El truco es que la baraja quede como empezó - I

domingo, 13 de marzo de 2016




Primer amanecer.
7.31 de la mañana

No va a entender por qué está ocurriendo esto, al menos no pronto. Será algo difícil y lento, y no estaré con él durante todo el proceso. Pero es necesario. No necesitará creerme. Me creerá después, mucho después, cuando absorba todo lo que salga de mi boca y el temblar de sus dedos se adapte a las gotas de lluvia y a las suelas de mis zapatos. Espero que continúe y deje de creerme. Que entienda. 

Espero que sobreviva.Y que luego continúe. Sé que eventualmente lo hará.

Por ahora, él aún no despierta. No sabe dónde está ni comprende aún lo que quedó atrás. Su mundo será pequeño por un tiempo. Crecerá paso a paso y luego volverá a empequeñecerse. Se sofocará en un espacio grande.

Pero ahora está soñando sobre cosas que pronto dejarán de existir. Quizás llore. Quizás grite. Quizás rompa la hoja y me pida comida. Pero al final leerá esto. La primera entrada. La única que verá.  

Conoceré pronto a Javier. Probablemente antes que él mismo. Por ahora, le deseo dulces sueños.

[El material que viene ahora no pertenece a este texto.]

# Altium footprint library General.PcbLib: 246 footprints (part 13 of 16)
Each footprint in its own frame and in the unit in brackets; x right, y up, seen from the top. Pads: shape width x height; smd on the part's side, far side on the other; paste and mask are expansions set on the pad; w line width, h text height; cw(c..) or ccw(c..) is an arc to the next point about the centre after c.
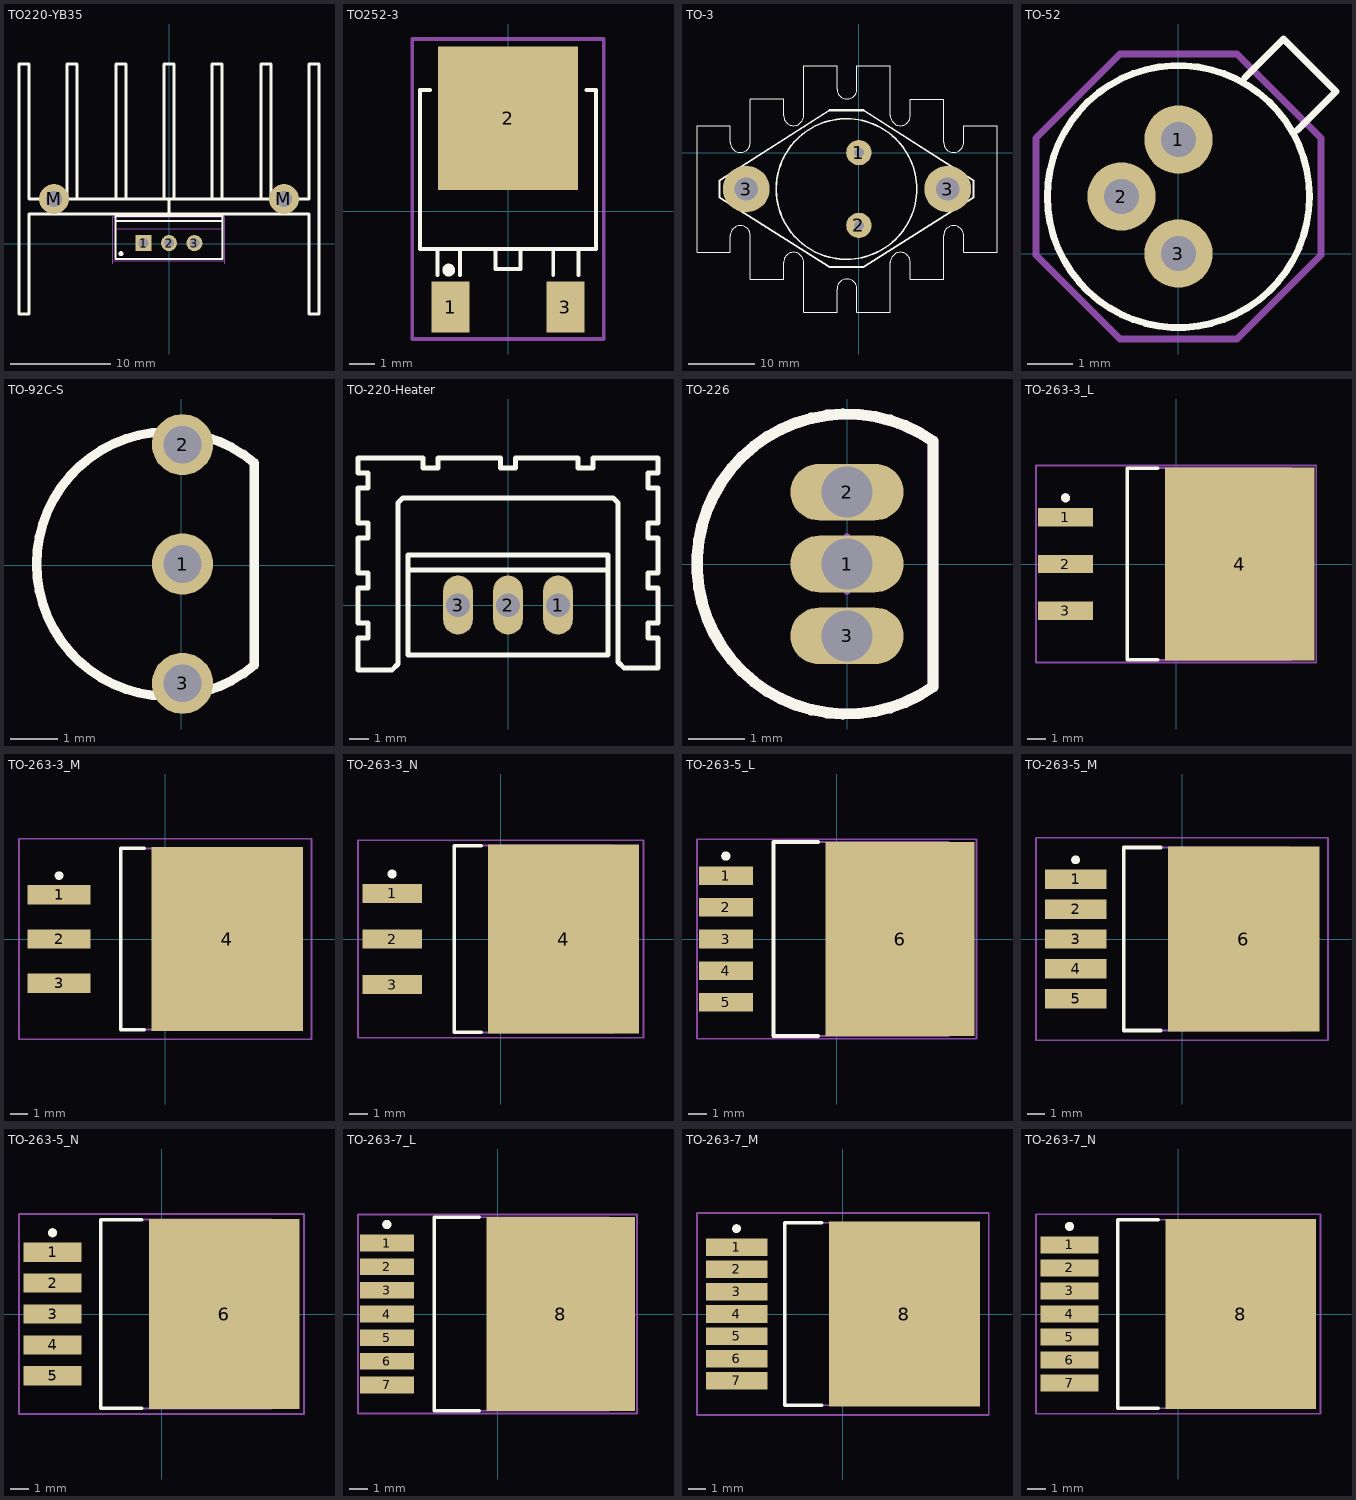
[diagram p12: the footprints below, top view; thin cyan lines are the x and y axes]

## TO220-YB35 [mm] "heat seal 30*25*35mm"
height 0.6
pads (5):
  rect 1.6x1.6 hole 1: 1(-2.54,0.097)
  round 1.6 hole 1: 2(0,0.097) 3(2.54,0.097)
  round 3 hole 1.6: M(-11.5,4.5) M(11.5,4.5)
Top Overlay:
  circle w0.25: c-4.801,-0.97 r0.125
  lines w0.2: -5.35,2.297 5.35,2.297 ; -5.35,-1.503 -5.35,2.797 5.35,2.797 5.35,-1.503 -5.35,-1.503
  lines w0.254: -10.2,4.5 -10.2,8.225 -10.2,18 -9.2,18 -9.2,4.5 ; -5.3,4.525 -5.3,8.25 -5.3,18 -4.3,18 -4.3,4.5 ; -0.5,4.5 -0.5,8.25 -0.5,18 0.5,18 0.5,4.525 ; 0,3 0,4.5 ; 4.3,4.5 4.3,8.225 4.3,18 5.3,18 5.3,4.525 ; 9.2,4.525 9.2,8.25 9.2,18 10.2,18 10.2,4.55 ; -15,-7 -15,18 -14,18 -14,4.5 14,4.5 14,18 15,18 15,-7 14,-7 14,3 -14,3 -14,-7 -15,-7
Mechanical 13:
  lines w0.1: -5.35,1.547 5.35,1.547 ; -5.35,-1.503 5.35,-1.503 5.35,2.797 -5.35,2.797 -5.35,-1.503
Mechanical 15:
  lines w0.05: -5.625,-1.981 -5.625,2.747 5.575,2.747 5.575,-1.981 ; -5.6,-1.681 5.6,-1.681
  lines w0.1: -0.5,0.097 0.5,0.097 ; 0,-0.403 0,0.597
3D body "User Library-Transistors TO-220 3L.STEP": height 19.1, standoff -9.37, extent -5.08,-1.46 5.08,2.891

## TO252-3 [mil] "D2-PAK"
height 184.65
pads (3):
  rect 60x80 smd: 1(-90,-150) 3(90,-150)
  rect 220x225 smd: 2(0,145.67)
Top Overlay:
  circle w10: c-92.92,-92 r5
  lines w6: -122,190 -137.8,190 -137.8,-59.06 137.8,-59.06 137.8,190 123,190 ; -110.24,-99.76 -110.24,-59.29 ; -110,-59.06 -70.87,-59.06 ; -75,-100 -75,-59.06 ; 70.87,-100 70.87,-59.06 110.24,-59.06 110.24,-100 ; -19.68,-90.55 -19.68,-59.06 19.69,-59.06 19.69,-90.55 -19.68,-90.55
Mechanical 13:
  lines w6: -150,-200 -150,270 150,270 150,-200 -150,-200
3D body "DPAK.stp": height 90.94, standoff 0, extent -129.92,-155.55 129.93,226.85

## TO-3 [mm]
pads (4):
  round 3.81 hole 1.5: 1(0,0) 2(0,-10.922)
  round 7 hole 3.5: 3(-16.891,-5.461) 3(13.335,-5.461)
Top Overlay:
  circle w0.254: c-1.854,-5.461 r10.541
  circle w0.254: c-16.891,-5.461 r2.413
  circle w0.254: c13.335,-5.461 r2.413
  lines w0.127: -19.278,-14.961 -24.278,-14.961 -24.278,4.039 -19.279,4.039 -19.279,1.54 ; -19.277,-14.96 -19.277,-12.461 cw(c-17.778,-12.461) -16.279,-12.461 ; -19.277,1.539 ccw(c-17.778,1.539) -16.279,1.539 ; -16.279,8.04 -11.279,8.04 -11.279,5.54 ; -16.278,-12.462 -16.278,-18.961 -11.278,-18.961 ; -16.278,1.539 -16.278,8.039 ; -11.277,-18.96 -11.277,-16.461 cw(c-9.778,-16.461) -8.279,-16.461 ; -11.278,5.539 ccw(c-9.779,5.539) -8.279,5.539 -8.279,13.038 ; -8.278,-16.462 -8.278,-23.961 -3.278,-23.961 ; -8.278,13.039 -3.278,13.039 -3.278,9.539 ccw(c-1.779,9.539) -0.279,9.539 -0.279,13.039 ; -3.277,-23.96 -3.277,-20.461 cw(c-1.778,-20.461) -0.279,-20.461 -0.278,-23.961 4.722,-23.961 ; -0.279,13.04 4.721,13.04 4.721,5.54 ; 4.723,-23.96 4.723,-16.461 cw(c6.222,-16.461) 7.721,-16.461 ; 4.723,5.539 ccw(c6.222,5.539) 7.721,5.539 7.721,8.038 ; 7.722,-16.462 7.722,-18.961 12.722,-18.961 ; 7.722,8.039 12.722,8.039 12.722,1.54 ; 12.723,-18.96 12.723,-12.461 cw(c14.222,-12.461) 15.721,-12.461 15.721,-14.96 ; 12.723,1.539 ccw(c14.222,1.539) 15.721,1.539 15.721,4.038 ; 15.722,-14.961 20.722,-14.961 20.722,4.039 15.722,4.039
  lines w0.305: -20.904,-6.731 -4.394,-17.145 0.686,-17.145 17.196,-6.731 17.196,-4.191 0.686,6.35 -4.394,6.35 -20.904,-4.191 -20.904,-6.731
3D body "User Library-LM317_TO3.STEP": height 8.8, standoff -10.8, extent -21.254,-18.034 17.546,6.966

## TO-52 [mil]
pads (3):
  round 60 hole 31: 1(0,100) 2(-50,50) 3(0,0)
Top Overlay:
  circle w6: c0,50 r115
  lines w6: 58.32,154.32 92.26,188.26 138.26,142.26 104.32,108.32
Mechanical 13:
  circle w0: c0,50 r115
Mechanical 15:
  lines w6: -125,-1.47 -51.47,-75 51.47,-75 125,-1.47 125,101.47 51.47,175 -51.47,175 -125,101.47 -125,-1.47
3D body "H_03_1.stp": height 150, standoff -150, extent -115,-65 125,165

## TO-92C-S [mm]
height 10
pads (3):
  round 1.3 hole 0.8: 1(0.025,0.025) 2(0.025,2.565) 3(0.025,-2.515)
Top Overlay:
  lines w0.2: 1.547,-2.131 cw(c-0.262,0.025) 1.547,2.182 1.547,-2.131
3D body "User Library-TO-92-4.step": height 10.33, standoff -7.7, extent -2.634,-2.863 1.555,2.877

## TO-220-Heater [mm]
pads (3):
  oval 1.5x3 hole 1.2: 1(2.54,0) 2(0,0) 3(-2.54,0)
Top Overlay:
  lines w0.254: -5.08,1.778 5.08,1.778 ; -7.62,-3.3 -5.9,-3.3 -5.588,-2.988 -5.588,5.194 -5.334,5.448 5.334,5.448 5.588,5.194 5.588,-2.888 5.9,-3.2 6.87,-3.2 7.62,-3.2 7.62,-1.664 7.112,-1.664 7.112,-0.902 7.62,-0.902 7.62,0.876 7.112,0.876 7.112,1.638 7.62,1.638 7.62,3.416 7.112,3.416 7.112,4.178 7.62,4.178 7.62,5.956 7.112,5.956 7.112,6.718 7.62,6.718 7.62,7.48 4.318,7.48 4.318,6.972 3.556,6.972 3.556,7.48 0.381,7.48 0.381,6.972 -0.381,6.972 -0.381,7.48 -3.556,7.48 -3.556,6.972 -4.318,6.972 -4.318,7.48 -7.62,7.48 -7.62,6.718 -7.112,6.718 -7.112,5.956 -7.62,5.956 -7.62,4.178 -7.112,4.178 -7.112,3.416 -7.62,3.416 -7.62,1.638 -7.112,1.638 -7.112,0.876 -7.62,0.876 -7.62,-0.902 -7.112,-0.902 -7.112,-1.664 -7.62,-1.664 -7.62,-3.3 ; -5.08,-2.54 5.08,-2.54 5.08,2.54 -5.08,2.54 -5.08,-2.54
3D body "User Library-TO-220-1.STEP": height 20.8, standoff -7.98, extent -4.945,-2.838 4.955,1.662
3D body "SW3dPS-heatsink TO126.STEP": height 25, standoff -3.8, extent -7.381,-3.28 7.401,7.521

## TO-226 [mm] "TO, Flat Index; 3 In-Line, Axial Leads; Body Dia. 4.8mm; Leads 0.55 x 0.51 mm (max)"
pads (3):
  oval 2x1 hole 0.9: 1(0,0) 2(0,1.27) 3(0,-1.27)
Top Overlay:
  lines w0.2: 1.52,-2.171 cw(c0,0) 1.52,2.171 1.52,-2.171
Mechanical 13:
  lines w0.2: 1.52,-2.171 cw(c0,0) 1.52,2.171 1.52,-2.171
Mechanical 15:
  lines w0.1: -0.5,0 0.5,0 ; 0,-0.5 0,0.5
3D body "User Library-TO-92_Str.STEP": height 10, standoff -3, extent -2.613,-2.613 1.59,2.613

## TO-263-3_L [mm] "D2-PAK, 4-Leads, Body 8.6x10.2mm, Pitch 2.54mm, Lead Span 14.2mm, IPC High Density"
height 4.64
pads (4):
  rect 3x1 smd: 1(-6,2.54) 2(-6,0) 3(-6,-2.54)
  rect 8.1x10.45 smd: 4(3.45,0)
Top Overlay:
  circle w0.25: c-6,3.59 r0.125
  lines w0.2: -1,-5.2 -2.65,-5.2 -2.65,5.2 -1,5.2
Mechanical 13:
  lines w0.1: -2.65,-5.2 6.24,-5.2 6.24,5.2 -2.65,5.2 -2.65,-5.2
Mechanical 15:
  lines w0.1: -0.5,0 0.5,0 ; 0,-0.5 0,0.5 ; -7.6,-5.35 7.6,-5.35 7.6,5.35 -7.6,5.35 -7.6,-5.35
3D body "SW3dPS-to-263.STEP": height 4.69, standoff 0, extent -7.105,-5.065 8.335,5.095

## TO-263-3_M [mm] "D2-PAK, 4-Leads, Body 8.6x10.2mm, Pitch 2.54mm, Lead Span 14.2mm, IPC Low Density"
height 4.64
pads (4):
  rect 3.6x1.1 smd: 1(-6.1,2.54) 2(-6.1,0) 3(-6.1,-2.54)
  rect 8.7x10.55 smd: 4(3.55,0)
Top Overlay:
  circle w0.25: c-6.1,3.64 r0.125
  lines w0.2: -1.2,-5.2 -2.55,-5.2 -2.55,5.2 -1.2,5.2
Mechanical 13:
  lines w0.1: -2.55,-5.2 6.34,-5.2 6.34,5.2 -2.55,5.2 -2.55,-5.2
Mechanical 15:
  lines w0.1: -0.5,0 0.5,0 ; 0,-0.5 0,0.5 ; -8.4,-5.75 8.4,-5.75 8.4,5.75 -8.4,5.75 -8.4,-5.75
3D body "SW3dPS-to-263.STEP": height 4.69, standoff 0, extent -7.205,-5.065 8.235,5.095

## TO-263-3_N [mm] "D2-PAK, 4-Leads, Body 8.6x10.2mm, Pitch 2.54mm, Lead Span 14.2mm, IPC Medium Density"
height 4.64
pads (4):
  rect 3.3x1.05 smd: 1(-6.05,2.54) 2(-6.05,0) 3(-6.05,-2.54)
  rect 8.4x10.5 smd: 4(3.5,0)
Top Overlay:
  circle w0.25: c-6.05,3.615 r0.125
  lines w0.2: -1.1,-5.2 -2.6,-5.2 -2.6,5.2 -1.1,5.2
Mechanical 13:
  lines w0.1: -2.6,-5.2 -2.6,5.2 6.29,5.2 6.29,-5.2 -2.6,-5.2
Mechanical 15:
  lines w0.1: -0.5,0 0.5,0 ; 0,-0.5 0,0.5 ; -7.95,-5.5 -7.95,5.5 7.95,5.5 7.95,-5.5 -7.95,-5.5
3D body "SW3dPS-to-263.STEP": height 4.69, standoff 0, extent -7.155,-5.065 8.285,5.095

## TO-263-5_L [mm] "D2-PAK, 6-Leads, Body 8.6x10.2mm, Pitch 1.7mm, Lead Span 14.1mm, IPC High Density"
height 4.65
pads (6):
  rect 2.9x1 smd: 1(-5.95,3.4) 2(-5.95,1.7) 3(-5.95,0) 4(-5.95,-1.7) 5(-5.95,-3.4)
  rect 8x10.4 smd: 6(3.4,0)
Top Overlay:
  circle w0.25: c-5.95,4.45 r0.125
  lines w0.2: -1,-5.2 -3.4,-5.2 -3.4,5.2 -1,5.2
Mechanical 13:
  lines w0.1: -3.4,-5.2 -3.4,5.2 6,5.2 6,-5.2 -3.4,-5.2
Mechanical 15:
  lines w0.1: -0.5,0 0.5,0 ; 0,-0.5 0,0.5 ; -7.5,-5.35 -7.5,5.35 7.5,5.35 7.5,-5.35 -7.5,-5.35
3D body "User Library-TO-263-5.STEP": height 4.56, standoff 0, extent -6.449,-5.08 7.566,5.08

## TO-263-5_M [mm] "D2-PAK, 6-Leads, Body 8.6x10.2mm, Pitch 1.7mm, Lead Span 14.1mm, IPC Low Density"
height 4.65
pads (6):
  rect 3.5x1.1 smd: 1(-6.05,3.4) 2(-6.05,1.7) 3(-6.05,0) 4(-6.05,-1.7) 5(-6.05,-3.4)
  rect 8.6x10.5 smd: 6(3.5,0)
Top Overlay:
  circle w0.25: c-6.05,4.5 r0.125
  lines w0.2: -1.2,-5.2 -3.3,-5.2 -3.3,5.2 -1.2,5.2
Mechanical 13:
  lines w0.1: -3.3,-5.2 6.1,-5.2 6.1,5.2 -3.3,5.2 -3.3,-5.2
Mechanical 15:
  lines w0.1: -0.5,0 0.5,0 ; 0,-0.5 0,0.5 ; -8.3,-5.75 8.3,-5.75 8.3,5.75 -8.3,5.75 -8.3,-5.75
3D body "User Library-TO-263-5.STEP": height 4.56, standoff 0, extent -6.449,-5.08 7.566,5.08

## TO-263-5_N [mm] "D2-PAK, 6-Leads, Body 8.6x10.2mm, Pitch 1.7mm, Lead Span 14.1mm, IPC Medium Density"
height 4.65
pads (6):
  rect 3.2x1.05 smd: 1(-6,3.4) 2(-6,1.7) 3(-6,0) 4(-6,-1.7) 5(-6,-3.4)
  rect 8.3x10.45 smd: 6(3.45,0)
Top Overlay:
  circle w0.25: c-6,4.475 r0.125
  lines w0.2: -1.1,-5.2 -3.35,-5.2 -3.35,5.2 -1.1,5.2
Mechanical 13:
  lines w0.1: -3.35,-5.2 -3.35,5.2 6.05,5.2 6.05,-5.2 -3.35,-5.2
Mechanical 15:
  lines w0.1: -0.5,0 0.5,0 ; 0,-0.5 0,0.5 ; -7.85,-5.5 -7.85,5.5 7.85,5.5 7.85,-5.5 -7.85,-5.5
3D body "User Library-TO-263-5.STEP": height 4.56, standoff 0, extent -6.449,-5.08 7.566,5.08

## TO-263-7_L [mm] "D2-PAK, 8-Leads, Body 8.6x10.2mm, Pitch 1.27mm, Lead Span 14.1mm, IPC High Density"
height 4.64
pads (8):
  rect 2.9x0.9 smd: 1(-5.95,3.81) 2(-5.95,2.54) 3(-5.95,1.27) 4(-5.95,0) 5(-5.95,-1.27) 6(-5.95,-2.54) 7(-5.95,-3.81)
  rect 8x10.45 smd: 8(3.4,0)
Top Overlay:
  circle w0.25: c-5.95,4.81 r0.125
  lines w0.2: -1,-5.2 -3.4,-5.2 -3.4,5.2 -1,5.2
Mechanical 13:
  lines w0.1: -3.4,-5.2 6,-5.2 6,5.2 -3.4,5.2 -3.4,-5.2
Mechanical 15:
  lines w0.1: -0.5,0 0.5,0 ; 0,-0.5 0,0.5 ; -7.5,-5.35 7.5,-5.35 7.5,5.35 -7.5,5.35 -7.5,-5.35
3D body: height 1, standoff 0, extent 7.087,-5.334 8.103,5.334
3D body "SW3dPS-TO263-7-1.STEP": height 4.78, standoff -0.02, extent -7.046,-4.942 8.625,5.058

## TO-263-7_M [mm] "D2-PAK, 8-Leads, Body 8.6x10.2mm, Pitch 1.27mm, Lead Span 14.1mm, IPC Low Density"
height 4.64
pads (8):
  rect 3.5x1 smd: 1(-6.05,3.81) 2(-6.05,2.54) 3(-6.05,1.27) 4(-6.05,0) 5(-6.05,-1.27) 6(-6.05,-2.54) 7(-6.05,-3.81)
  rect 8.6x10.55 smd: 8(3.5,0)
Top Overlay:
  circle w0.25: c-6.05,4.86 r0.125
  lines w0.2: -1.2,-5.2 -3.3,-5.2 -3.3,5.2 -1.2,5.2
Mechanical 13:
  lines w0.1: -3.3,-5.2 6.1,-5.2 6.1,5.2 -3.3,5.2 -3.3,-5.2
Mechanical 15:
  lines w0.1: -0.5,0 0.5,0 ; 0,-0.5 0,0.5 ; -8.3,-5.75 8.3,-5.75 8.3,5.75 -8.3,5.75 -8.3,-5.75
3D body "SW3dPS-TO263-7-1.STEP": height 4.78, standoff -0.02, extent -7.146,-4.942 8.525,5.058

## TO-263-7_N [mm] "D2-PAK, 8-Leads, Body 8.6x10.2mm, Pitch 1.27mm, Lead Span 14.1mm, IPC Medium Density"
height 4.64
pads (8):
  rect 3.2x0.95 smd: 1(-6,3.81) 2(-6,2.54) 3(-6,1.27) 4(-6,0) 5(-6,-1.27) 6(-6,-2.54) 7(-6,-3.81)
  rect 8.3x10.5 smd: 8(3.45,0)
Top Overlay:
  circle w0.25: c-6,4.835 r0.125
  lines w0.2: -1.1,-5.2 -3.35,-5.2 -3.35,5.2 -1.1,5.2
Mechanical 13:
  lines w0.1: -3.35,-5.2 -3.35,5.2 6.05,5.2 6.05,-5.2 -3.35,-5.2
Mechanical 15:
  lines w0.1: -0.5,0 0.5,0 ; 0,-0.5 0,0.5 ; -7.85,-5.5 -7.85,5.5 7.85,5.5 7.85,-5.5 -7.85,-5.5
3D body "SW3dPS-TO263-7-1.STEP": height 4.78, standoff -0.02, extent -7.096,-4.942 8.575,5.058

Javier despertó poco después. El niño se estiró y empezó a abrir los ojos, notando los bordes nítidos de la realidad mientras se daba vueltas. Sus sueños siempre eran demasiado borrosos, le había dicho a su papá muchas veces. No se daba cuenta de que soñaba, pero todo lo veía como si necesitara gafas y las hubiera perdido. Lejos. Desenfocado. Con sonidos pequeños.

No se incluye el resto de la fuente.